:: Dataset extract ::

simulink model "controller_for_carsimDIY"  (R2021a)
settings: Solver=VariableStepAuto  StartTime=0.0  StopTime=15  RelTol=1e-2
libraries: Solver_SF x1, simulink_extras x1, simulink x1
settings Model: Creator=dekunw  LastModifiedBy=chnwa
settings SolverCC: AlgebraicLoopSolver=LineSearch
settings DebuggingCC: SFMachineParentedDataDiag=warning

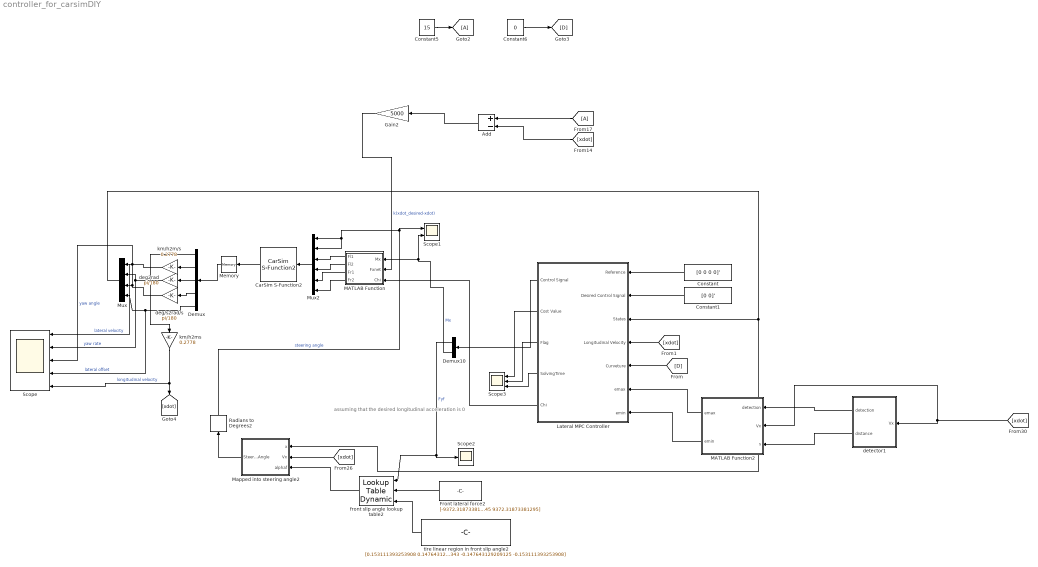
== system controller_for_carsimDIY ==
  note: assuming that the desired longitudinal acceleration is 0
  Add : Sum  Inputs=+-
  CarSim S-Function2 : Solver_SF/CarSim S-Function2  Priority=1  VehicleCode=i_i  SIMFILE=simfile.sim
      settings: AttributesFormatString=Vehicle Code: %<VehicleCode>
  Constant : Constant  Value=[0 0 0 0]'
  Constant1 : Constant  Value=[0 0]'
  Constant5 : Constant  Value=15
  Constant6 : Constant  Value=0
  Demux : Demux  Outputs=5
  Demux10 : Demux  Outputs=2
  Front lateral force2 : Constant  Value="[-9372.31873381295\t-9371.87234490745\t-9368.75632133124\t-9360.32413915416\t-9343.95286497491\t-9317.04140044534\t-9277.00875557097\t-9221.29234898623\t-9147.34633344744\t-9052.63994482675\t-8934.65587292915\t-8790.88865249026\t-8618.84307274575\t-8416.03260399439\t-8179.97783960505\t-7908.20495194422\t-7598.24416072470\t-7247.62821229778\t-6853.89086843106\t-6414.56540313147\t-5927.18310608872\t-5389.27179132790\t-4798.35430967129\t-4151.94706361935\t-3447.55852326814\t-2682.68774188626\t-1854.82286977838\t-961.439665063923\t0\t961.439665063923\t1854.82286977838\t2682.68774188626\t3447.55852326814\t4151.94706361935\t4798.35430967129\t5389.27179132790\t5927.18310608872\t6414.56540313147\t6853.89086843106\t7247.62821229778\t7598.24416072470\t7908.20495194422\t8179.97783960505\t8416.03260399439\t8618.84307274575\t8790.88865249026\t8934.65587292915\t9052.63994482675\t9147.34633344744\t9221.29234898623\t9277.00875557097\t9317.04140044534\t9343.95286497491\t9360.32413915416\t9368.75632133124\t9371.87234490745\t9372.31873381295]"
  Gain2 : Gain  Gain=5000
  Lateral MPC Controller : Subsystem
  MATLAB Function : MATLAB Function  TreatAsAtomicUnit=on
  MATLAB Function2 : MATLAB Function  TreatAsAtomicUnit=on
  Mapped into steering angle2 : MATLAB Function  TreatAsAtomicUnit=on
  Memory : Memory  InitialCondition=[54 0 0 0 0]'
  Mux : Mux
  Mux2 : Mux  Inputs=6
  Radians to Degrees2 : simulink_extras/Transformations/Radians to Degrees
  Scope : Scope  NumInputPorts=5
  Scope1 : Scope  NumInputPorts=2
  Scope2 : Scope
  Scope3 : Scope  NumInputPorts=3
  deg/s2rad/s : Gain  Gain=pi/180
  deg2rad : Gain  Gain=pi/180
  detector1 : Subsystem
  front slip angle lookup table2 : simulink/Lookup Tables/Lookup Table Dynamic  LookUpMeth=Interpolation-Use End Values  OutDataType=fixdt('double')  OutScaling=[]  OutputDataTypeScalingMode=Specify via dialog  OutDataTypeStr=double  DoSatur=off
  km/h2m/s : Gain  Gain=0.2778
  km/h2ms : Gain  Gain=0.2778
  tire linear region in front slip angle2 : Constant  Value="[0.153111393253908\t0.147643129209125\t0.142174865164343\t0.136706601119560\t0.131238337074778\t0.125770073029996\t0.120301808985213\t0.114833544940431\t0.109365280895648\t0.103897016850866\t0.0984287528060835\t0.0929604887613011\t0.0874922247165187\t0.0820239606717363\t0.0765556966269539\t0.0710874325821714\t0.0656191685373890\t0.0601509044926066\t0.0546826404478242\t0.0492143764030418\t0.0437461123582594\t0.0382778483134769\t0.0328095842686945\t0.0273413202239121\t0.0218730561791297\t0.0164047921343473\t0.0109365280895648\t0.00546826404478242\t0\t-0.00546826404478242\t-0.0109365280895648\t-0.0164047921343473\t-0.0218730561791297\t-0.0273413202239121\t-0.0328095842686945\t-0.0382778483134769\t-0.0437461123582594\t-0.0492143764030418\t-0.0546826404478242\t-0.0601509044926066\t-0.0656191685373890\t-0.0710874325821714\t-0.0765556966269539\t-0.0820239606717363\t-0.0874922247165187\t-0.0929604887613011\t-0.0984287528060835\t-0.103897016850866\t-0.109365280895648\t-0.114833544940431\t-0.120301808985213\t-0.125770073029996\t-0.131238337074778\t-0.136706601119560\t-0.142174865164343\t-0.147643129209125\t-0.153111393253908]"
  wires:
  [xdot] -> MATLAB Function2/2(Vx), detector1/1(Vx)
  Demux10/2 -> Scope1/2, MATLAB Function/1(Mx)  "Mx"
  tire linear region in front slip angle2/1 -> front slip angle lookup table2/3
  [xdot] -> Mapped into steering angle2/2(Vx)
  Demux10/1 -> Scope2/1, front slip angle lookup table2/1  "Fyf"
  Front lateral force2/1 -> front slip angle lookup table2/2
  [xdot] -> Add/2
  [A] -> Add/1
  Add/1 -> Gain2/1
  Gain2/1 -> MATLAB Function/2(Fxnet)  "k(xdot_desired-xdot)"
  Radians to Degrees2/1 -> Mux2/2, Mux2/1, Scope1/1  "steering angle"
  front slip angle lookup table2/1 -> Mapped into steering angle2/3(alphaf)
  Mapped into steering angle2/1(SteeringAngle) -> Radians to Degrees2/1
  Constant5/1 -> [A]
  Constant6/1 -> [D]
  Demux/1 -> km/h2ms/1
  km/h2m/s/1 -> Scope/1, Mux/1  "lateral velocity"
  deg2rad/1 -> Scope/2, Mux/2  "yaw rate"
  Demux/4 -> deg/s2rad/s/1
  Demux/5 -> Scope/4, Mux/4  "lateral offset"
  Mux2/1 -> CarSim S-Function2/1
  CarSim S-Function2/1 -> Memory/1
  km/h2ms/1 -> [xdot], Scope/5  "longitudinal velocity"
  Demux/2 -> km/h2m/s/1
  Demux/3 -> deg2rad/1
  deg/s2rad/s/1 -> Scope/3, Mux/3  "yaw angle"
  MATLAB Function/1(Fl1) -> Mux2/3
  MATLAB Function/2(Fl2) -> Mux2/4
  MATLAB Function/3(Fr1) -> Mux2/5
  MATLAB Function/4(Fr2) -> Mux2/6
  Lateral MPC Controller/4(SolvingTime) -> Scope3/3
  Lateral MPC Controller/3(Flag) -> Scope3/2
  Lateral MPC Controller/2(Cost Value) -> Scope3/1
  Lateral MPC Controller/1(Control Signal) -> Demux10/1
  Constant/1 -> Lateral MPC Controller/1(Reference)
  Constant1/1 -> Lateral MPC Controller/2(Desired Control Signal)
  [D] -> Lateral MPC Controller/5(Curveture)
  MATLAB Function2/2(emin) -> Lateral MPC Controller/7(emin)
  MATLAB Function2/1(emax) -> Lateral MPC Controller/6(emax)
  [xdot] -> Lateral MPC Controller/4(Longitudinal Velocity)
  Mux/1 -> Mapped into steering angle2/1(x), Lateral MPC Controller/3(States)
  Memory/1 -> Demux/1
  detector1/2(distance) -> MATLAB Function2/3(s)
  detector1/1(detection) -> MATLAB Function2/1(detection)
  Lateral MPC Controller/5(Chi) -> MATLAB Function/3(Chi)

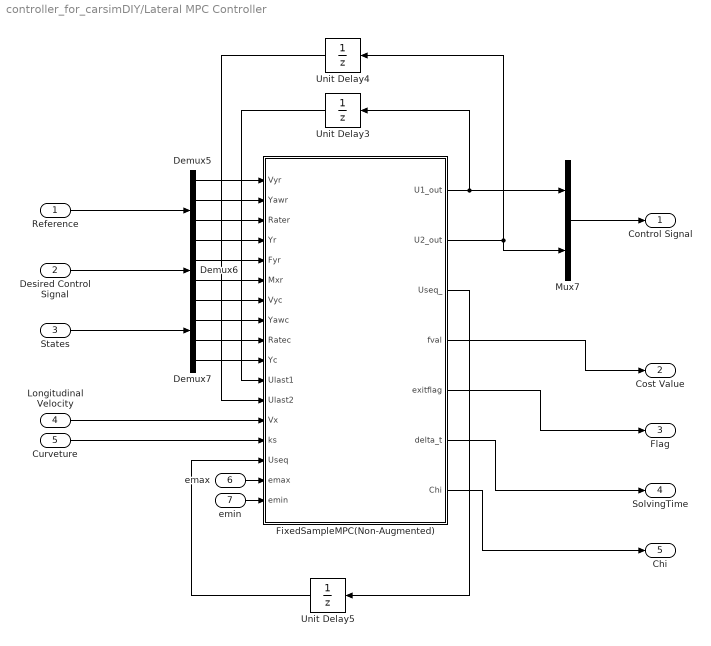
== system controller_for_carsimDIY/Lateral MPC Controller ==
  Reference : Inport
  Desired Control Signal : Inport  Port=2
  States : Inport  Port=3
  Longitudinal Velocity : Inport  Port=4
  Curveture : Inport  Port=5
  emax : Inport  Port=6
  emin : Inport  Port=7
  Demux5 : Demux
  Demux6 : Demux  Outputs=2
  Demux7 : Demux
  FixedSampleMPC(Non-Augmented) : MATLAB Function  TreatAsAtomicUnit=on
  Mux7 : Mux  Inputs=2
  Unit Delay3 : UnitDelay  SampleTime=-1  HasFrameUpgradeWarning=on
  Unit Delay4 : UnitDelay  SampleTime=-1  HasFrameUpgradeWarning=on
  Unit Delay5 : UnitDelay  InitialCondition=zeros(31,2)  SampleTime=-1  HasFrameUpgradeWarning=on
  Control Signal : Outport
  Cost Value : Outport  Port=2
  Flag : Outport  Port=3
  SolvingTime : Outport  Port=4
  Chi : Outport  Port=5
  wires:
  Demux5/3 -> FixedSampleMPC(Non-Augmented)/3(Rater)
  Desired Control Signal/1 -> Demux6/1
  FixedSampleMPC(Non-Augmented)/5(exitflag) -> Flag/1
  FixedSampleMPC(Non-Augmented)/2(U2_out) -> Mux7/2, Unit Delay4/1
  Demux5/1 -> FixedSampleMPC(Non-Augmented)/1(Vyr)
  Unit Delay4/1 -> FixedSampleMPC(Non-Augmented)/12(Ulast2)
  Longitudinal Velocity/1 -> FixedSampleMPC(Non-Augmented)/13(Vx)
  Demux7/3 -> FixedSampleMPC(Non-Augmented)/9(Ratec)
  FixedSampleMPC(Non-Augmented)/3(Useq_) -> Unit Delay5/1
  Demux7/1 -> FixedSampleMPC(Non-Augmented)/7(Vyc)
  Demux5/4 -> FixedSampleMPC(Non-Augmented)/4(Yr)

:::

Try it:
Could you repeat, exactly and with nothing added, the lines from the top of the entries above through the line that holds "Demux10 : Demux", leaving out any pictures?

Response for this exercise:
simulink model "controller_for_carsimDIY"  (R2021a)
settings: Solver=VariableStepAuto  StartTime=0.0  StopTime=15  RelTol=1e-2
libraries: Solver_SF x1, simulink_extras x1, simulink x1
settings Model: Creator=dekunw  LastModifiedBy=chnwa
settings SolverCC: AlgebraicLoopSolver=LineSearch
settings DebuggingCC: SFMachineParentedDataDiag=warning

== system controller_for_carsimDIY ==
  note: assuming that the desired longitudinal acceleration is 0
  Add : Sum  Inputs=+-
  CarSim S-Function2 : Solver_SF/CarSim S-Function2  Priority=1  VehicleCode=i_i  SIMFILE=simfile.sim
      settings: AttributesFormatString=Vehicle Code: %<VehicleCode>
  Constant : Constant  Value=[0 0 0 0]'
  Constant1 : Constant  Value=[0 0]'
  Constant5 : Constant  Value=15
  Constant6 : Constant  Value=0
  Demux : Demux  Outputs=5
  Demux10 : Demux  Outputs=2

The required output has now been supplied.